## [Description of the task]
Only the pictures are dropped. Restate each line below word for word.

Records drawn from a dataset
--- START ---
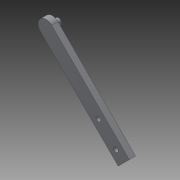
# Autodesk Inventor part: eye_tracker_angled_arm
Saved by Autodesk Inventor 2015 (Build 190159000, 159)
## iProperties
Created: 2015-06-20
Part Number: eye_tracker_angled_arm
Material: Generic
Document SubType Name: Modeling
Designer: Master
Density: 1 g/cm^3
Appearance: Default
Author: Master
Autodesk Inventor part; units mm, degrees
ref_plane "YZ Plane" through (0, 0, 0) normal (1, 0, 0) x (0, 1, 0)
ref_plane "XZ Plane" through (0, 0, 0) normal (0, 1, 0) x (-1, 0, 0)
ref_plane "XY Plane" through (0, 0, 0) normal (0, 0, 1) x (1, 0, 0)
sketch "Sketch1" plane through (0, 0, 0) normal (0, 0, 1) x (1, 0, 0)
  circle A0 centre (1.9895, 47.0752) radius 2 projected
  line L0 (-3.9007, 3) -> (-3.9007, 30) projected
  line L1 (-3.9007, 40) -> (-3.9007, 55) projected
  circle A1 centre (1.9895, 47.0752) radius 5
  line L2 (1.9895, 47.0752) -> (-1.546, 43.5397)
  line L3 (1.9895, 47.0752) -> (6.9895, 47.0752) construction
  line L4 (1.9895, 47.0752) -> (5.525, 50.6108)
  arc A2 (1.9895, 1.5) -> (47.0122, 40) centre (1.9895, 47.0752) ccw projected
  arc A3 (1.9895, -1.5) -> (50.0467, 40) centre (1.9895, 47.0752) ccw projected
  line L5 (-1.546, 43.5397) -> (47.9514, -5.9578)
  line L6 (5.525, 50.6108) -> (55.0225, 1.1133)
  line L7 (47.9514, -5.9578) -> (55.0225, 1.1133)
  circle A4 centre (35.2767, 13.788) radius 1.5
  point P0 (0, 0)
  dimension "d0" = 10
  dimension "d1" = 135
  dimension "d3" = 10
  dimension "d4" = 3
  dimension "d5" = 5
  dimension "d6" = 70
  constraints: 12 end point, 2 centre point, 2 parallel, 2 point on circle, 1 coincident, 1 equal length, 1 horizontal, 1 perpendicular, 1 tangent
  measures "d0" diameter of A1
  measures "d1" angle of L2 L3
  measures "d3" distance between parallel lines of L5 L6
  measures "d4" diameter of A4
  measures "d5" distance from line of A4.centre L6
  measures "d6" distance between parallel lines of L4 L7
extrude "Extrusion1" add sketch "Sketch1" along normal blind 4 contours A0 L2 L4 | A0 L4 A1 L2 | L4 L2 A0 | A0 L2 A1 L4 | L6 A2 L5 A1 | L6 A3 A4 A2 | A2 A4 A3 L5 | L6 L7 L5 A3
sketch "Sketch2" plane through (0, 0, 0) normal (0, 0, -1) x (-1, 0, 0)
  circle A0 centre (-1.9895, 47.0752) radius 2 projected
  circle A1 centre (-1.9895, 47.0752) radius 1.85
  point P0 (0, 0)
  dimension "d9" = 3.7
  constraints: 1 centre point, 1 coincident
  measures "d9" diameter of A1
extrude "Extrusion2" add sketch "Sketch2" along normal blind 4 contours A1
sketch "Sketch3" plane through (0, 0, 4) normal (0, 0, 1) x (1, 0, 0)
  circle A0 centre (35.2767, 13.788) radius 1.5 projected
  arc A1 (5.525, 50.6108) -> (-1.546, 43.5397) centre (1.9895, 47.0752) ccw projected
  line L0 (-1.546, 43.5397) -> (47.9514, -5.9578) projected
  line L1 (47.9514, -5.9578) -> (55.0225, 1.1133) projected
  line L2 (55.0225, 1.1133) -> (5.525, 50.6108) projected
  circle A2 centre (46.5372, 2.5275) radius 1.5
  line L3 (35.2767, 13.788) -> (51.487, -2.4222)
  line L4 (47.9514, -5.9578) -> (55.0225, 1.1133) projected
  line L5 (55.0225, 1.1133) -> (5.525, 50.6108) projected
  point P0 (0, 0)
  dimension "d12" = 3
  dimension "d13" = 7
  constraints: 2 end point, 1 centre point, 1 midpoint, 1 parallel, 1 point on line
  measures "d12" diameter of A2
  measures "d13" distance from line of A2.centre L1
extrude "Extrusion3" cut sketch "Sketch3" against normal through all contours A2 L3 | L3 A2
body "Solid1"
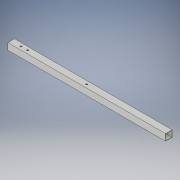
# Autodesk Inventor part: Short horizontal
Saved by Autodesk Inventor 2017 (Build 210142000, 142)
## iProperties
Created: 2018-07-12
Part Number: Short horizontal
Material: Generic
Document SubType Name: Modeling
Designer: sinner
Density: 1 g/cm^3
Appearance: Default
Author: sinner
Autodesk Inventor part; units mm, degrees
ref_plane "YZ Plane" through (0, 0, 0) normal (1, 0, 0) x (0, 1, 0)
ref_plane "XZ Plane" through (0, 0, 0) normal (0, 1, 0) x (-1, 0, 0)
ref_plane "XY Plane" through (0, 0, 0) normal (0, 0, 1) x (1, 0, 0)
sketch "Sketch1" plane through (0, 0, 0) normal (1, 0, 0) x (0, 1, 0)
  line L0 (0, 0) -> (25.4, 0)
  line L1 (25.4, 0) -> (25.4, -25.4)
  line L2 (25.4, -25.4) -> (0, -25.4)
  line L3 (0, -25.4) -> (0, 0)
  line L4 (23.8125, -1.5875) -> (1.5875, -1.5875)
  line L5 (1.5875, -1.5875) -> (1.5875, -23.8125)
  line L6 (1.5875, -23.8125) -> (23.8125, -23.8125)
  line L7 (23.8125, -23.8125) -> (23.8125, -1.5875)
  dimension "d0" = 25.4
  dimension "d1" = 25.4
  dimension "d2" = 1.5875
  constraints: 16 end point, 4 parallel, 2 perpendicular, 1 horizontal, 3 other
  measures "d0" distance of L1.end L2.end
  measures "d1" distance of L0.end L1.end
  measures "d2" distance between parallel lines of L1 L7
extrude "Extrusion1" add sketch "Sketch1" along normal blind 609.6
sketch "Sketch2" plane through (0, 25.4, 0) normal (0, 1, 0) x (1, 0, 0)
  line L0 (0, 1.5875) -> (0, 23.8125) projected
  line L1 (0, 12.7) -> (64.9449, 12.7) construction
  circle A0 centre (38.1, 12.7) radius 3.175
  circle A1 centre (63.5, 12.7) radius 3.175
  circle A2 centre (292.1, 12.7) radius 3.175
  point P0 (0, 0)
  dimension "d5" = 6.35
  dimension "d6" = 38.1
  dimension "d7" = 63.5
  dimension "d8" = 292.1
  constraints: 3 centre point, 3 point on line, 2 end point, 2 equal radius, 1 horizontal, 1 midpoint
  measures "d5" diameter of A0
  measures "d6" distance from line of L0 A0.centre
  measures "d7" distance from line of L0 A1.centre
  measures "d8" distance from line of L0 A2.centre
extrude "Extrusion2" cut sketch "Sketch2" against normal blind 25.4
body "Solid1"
--- END ---
## [Expected answer]
# Autodesk Inventor part: eye_tracker_angled_arm
Saved by Autodesk Inventor 2015 (Build 190159000, 159)
## iProperties
Created: 2015-06-20
Part Number: eye_tracker_angled_arm
Material: Generic
Document SubType Name: Modeling
Designer: Master
Density: 1 g/cm^3
Appearance: Default
Author: Master
Autodesk Inventor part; units mm, degrees
ref_plane "YZ Plane" through (0, 0, 0) normal (1, 0, 0) x (0, 1, 0)
ref_plane "XZ Plane" through (0, 0, 0) normal (0, 1, 0) x (-1, 0, 0)
ref_plane "XY Plane" through (0, 0, 0) normal (0, 0, 1) x (1, 0, 0)
sketch "Sketch1" plane through (0, 0, 0) normal (0, 0, 1) x (1, 0, 0)
  circle A0 centre (1.9895, 47.0752) radius 2 projected
  line L0 (-3.9007, 3) -> (-3.9007, 30) projected
  line L1 (-3.9007, 40) -> (-3.9007, 55) projected
  circle A1 centre (1.9895, 47.0752) radius 5
  line L2 (1.9895, 47.0752) -> (-1.546, 43.5397)
  line L3 (1.9895, 47.0752) -> (6.9895, 47.0752) construction
  line L4 (1.9895, 47.0752) -> (5.525, 50.6108)
  arc A2 (1.9895, 1.5) -> (47.0122, 40) centre (1.9895, 47.0752) ccw projected
  arc A3 (1.9895, -1.5) -> (50.0467, 40) centre (1.9895, 47.0752) ccw projected
  line L5 (-1.546, 43.5397) -> (47.9514, -5.9578)
  line L6 (5.525, 50.6108) -> (55.0225, 1.1133)
  line L7 (47.9514, -5.9578) -> (55.0225, 1.1133)
  circle A4 centre (35.2767, 13.788) radius 1.5
  point P0 (0, 0)
  dimension "d0" = 10
  dimension "d1" = 135
  dimension "d3" = 10
  dimension "d4" = 3
  dimension "d5" = 5
  dimension "d6" = 70
  constraints: 12 end point, 2 centre point, 2 parallel, 2 point on circle, 1 coincident, 1 equal length, 1 horizontal, 1 perpendicular, 1 tangent
  measures "d0" diameter of A1
  measures "d1" angle of L2 L3
  measures "d3" distance between parallel lines of L5 L6
  measures "d4" diameter of A4
  measures "d5" distance from line of A4.centre L6
  measures "d6" distance between parallel lines of L4 L7
extrude "Extrusion1" add sketch "Sketch1" along normal blind 4 contours A0 L2 L4 | A0 L4 A1 L2 | L4 L2 A0 | A0 L2 A1 L4 | L6 A2 L5 A1 | L6 A3 A4 A2 | A2 A4 A3 L5 | L6 L7 L5 A3
sketch "Sketch2" plane through (0, 0, 0) normal (0, 0, -1) x (-1, 0, 0)
  circle A0 centre (-1.9895, 47.0752) radius 2 projected
  circle A1 centre (-1.9895, 47.0752) radius 1.85
  point P0 (0, 0)
  dimension "d9" = 3.7
  constraints: 1 centre point, 1 coincident
  measures "d9" diameter of A1
extrude "Extrusion2" add sketch "Sketch2" along normal blind 4 contours A1
sketch "Sketch3" plane through (0, 0, 4) normal (0, 0, 1) x (1, 0, 0)
  circle A0 centre (35.2767, 13.788) radius 1.5 projected
  arc A1 (5.525, 50.6108) -> (-1.546, 43.5397) centre (1.9895, 47.0752) ccw projected
  line L0 (-1.546, 43.5397) -> (47.9514, -5.9578) projected
  line L1 (47.9514, -5.9578) -> (55.0225, 1.1133) projected
  line L2 (55.0225, 1.1133) -> (5.525, 50.6108) projected
  circle A2 centre (46.5372, 2.5275) radius 1.5
  line L3 (35.2767, 13.788) -> (51.487, -2.4222)
  line L4 (47.9514, -5.9578) -> (55.0225, 1.1133) projected
  line L5 (55.0225, 1.1133) -> (5.525, 50.6108) projected
  point P0 (0, 0)
  dimension "d12" = 3
  dimension "d13" = 7
  constraints: 2 end point, 1 centre point, 1 midpoint, 1 parallel, 1 point on line
  measures "d12" diameter of A2
  measures "d13" distance from line of A2.centre L1
extrude "Extrusion3" cut sketch "Sketch3" against normal through all contours A2 L3 | L3 A2
body "Solid1"
# Autodesk Inventor part: Short horizontal
Saved by Autodesk Inventor 2017 (Build 210142000, 142)
## iProperties
Created: 2018-07-12
Part Number: Short horizontal
Material: Generic
Document SubType Name: Modeling
Designer: sinner
Density: 1 g/cm^3
Appearance: Default
Author: sinner
Autodesk Inventor part; units mm, degrees
ref_plane "YZ Plane" through (0, 0, 0) normal (1, 0, 0) x (0, 1, 0)
ref_plane "XZ Plane" through (0, 0, 0) normal (0, 1, 0) x (-1, 0, 0)
ref_plane "XY Plane" through (0, 0, 0) normal (0, 0, 1) x (1, 0, 0)
sketch "Sketch1" plane through (0, 0, 0) normal (1, 0, 0) x (0, 1, 0)
  line L0 (0, 0) -> (25.4, 0)
  line L1 (25.4, 0) -> (25.4, -25.4)
  line L2 (25.4, -25.4) -> (0, -25.4)
  line L3 (0, -25.4) -> (0, 0)
  line L4 (23.8125, -1.5875) -> (1.5875, -1.5875)
  line L5 (1.5875, -1.5875) -> (1.5875, -23.8125)
  line L6 (1.5875, -23.8125) -> (23.8125, -23.8125)
  line L7 (23.8125, -23.8125) -> (23.8125, -1.5875)
  dimension "d0" = 25.4
  dimension "d1" = 25.4
  dimension "d2" = 1.5875
  constraints: 16 end point, 4 parallel, 2 perpendicular, 1 horizontal, 3 other
  measures "d0" distance of L1.end L2.end
  measures "d1" distance of L0.end L1.end
  measures "d2" distance between parallel lines of L1 L7
extrude "Extrusion1" add sketch "Sketch1" along normal blind 609.6
sketch "Sketch2" plane through (0, 25.4, 0) normal (0, 1, 0) x (1, 0, 0)
  line L0 (0, 1.5875) -> (0, 23.8125) projected
  line L1 (0, 12.7) -> (64.9449, 12.7) construction
  circle A0 centre (38.1, 12.7) radius 3.175
  circle A1 centre (63.5, 12.7) radius 3.175
  circle A2 centre (292.1, 12.7) radius 3.175
  point P0 (0, 0)
  dimension "d5" = 6.35
  dimension "d6" = 38.1
  dimension "d7" = 63.5
  dimension "d8" = 292.1
  constraints: 3 centre point, 3 point on line, 2 end point, 2 equal radius, 1 horizontal, 1 midpoint
  measures "d5" diameter of A0
  measures "d6" distance from line of L0 A0.centre
  measures "d7" distance from line of L0 A1.centre
  measures "d8" distance from line of L0 A2.centre
extrude "Extrusion2" cut sketch "Sketch2" against normal blind 25.4
body "Solid1"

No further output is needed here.